____ Input for this task
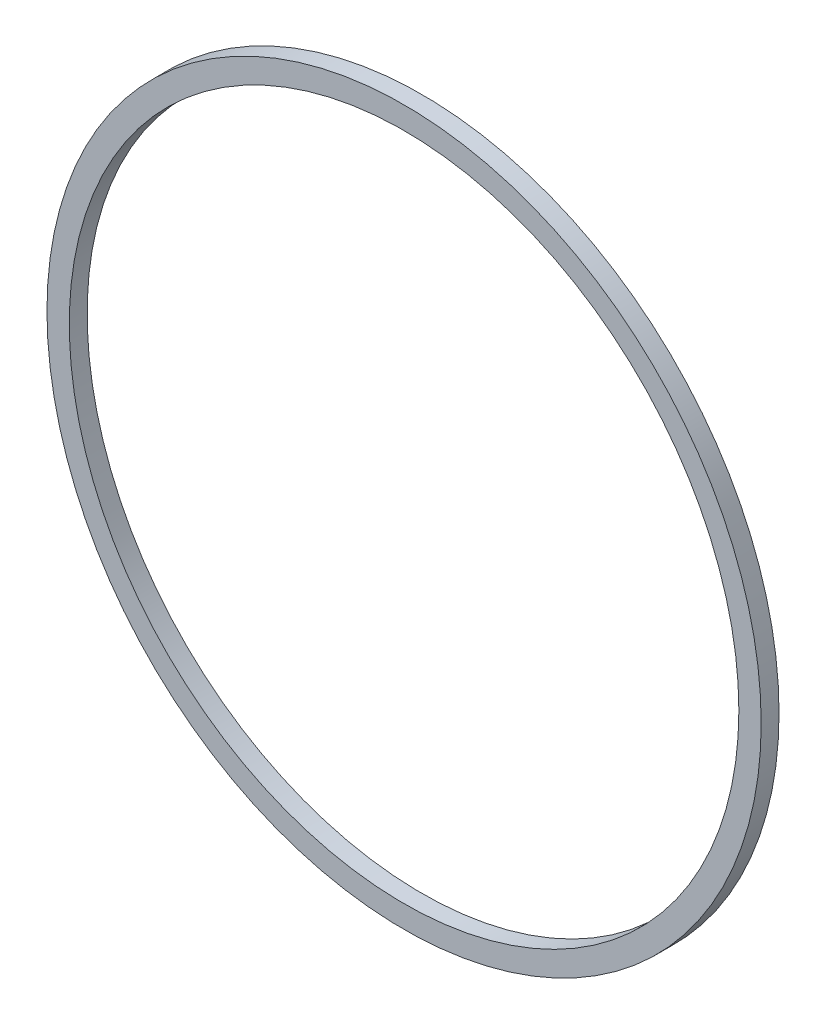
SolidWorks part; units mm, degrees
ref_plane "Front Plane" through (0, 0, 0) normal (0, 0, 1) x (1, 0, 0)
ref_plane "Top Plane" through (0, 0, 0) normal (0, 1, 0) x (1, 0, 0)
ref_plane "Right Plane" through (0, 0, 0) normal (1, 0, 0) x (0, 0, -1)
sketch "Sketch1" plane through (0, 0, 0) normal (0, 0, 1) x (1, 0, 0)
  circle A0 centre (0, 0) radius 37.5
  circle A1 centre (0, 0) radius 40
  dimension "D1" = 75
  dimension "D2" = 80
extrude "Boss-Extrude3" add sketch "Sketch1" along normal blind 2 contours A0 | A1
________
→ **Your instructions**
A word-for-word copy of the entries is needed, with no pictures in it.

→ **Exercise response**
SolidWorks part; units mm, degrees
ref_plane "Front Plane" through (0, 0, 0) normal (0, 0, 1) x (1, 0, 0)
ref_plane "Top Plane" through (0, 0, 0) normal (0, 1, 0) x (1, 0, 0)
ref_plane "Right Plane" through (0, 0, 0) normal (1, 0, 0) x (0, 0, -1)
sketch "Sketch1" plane through (0, 0, 0) normal (0, 0, 1) x (1, 0, 0)
  circle A0 centre (0, 0) radius 37.5
  circle A1 centre (0, 0) radius 40
  dimension "D1" = 75
  dimension "D2" = 80
extrude "Boss-Extrude3" add sketch "Sketch1" along normal blind 2 contours A0 | A1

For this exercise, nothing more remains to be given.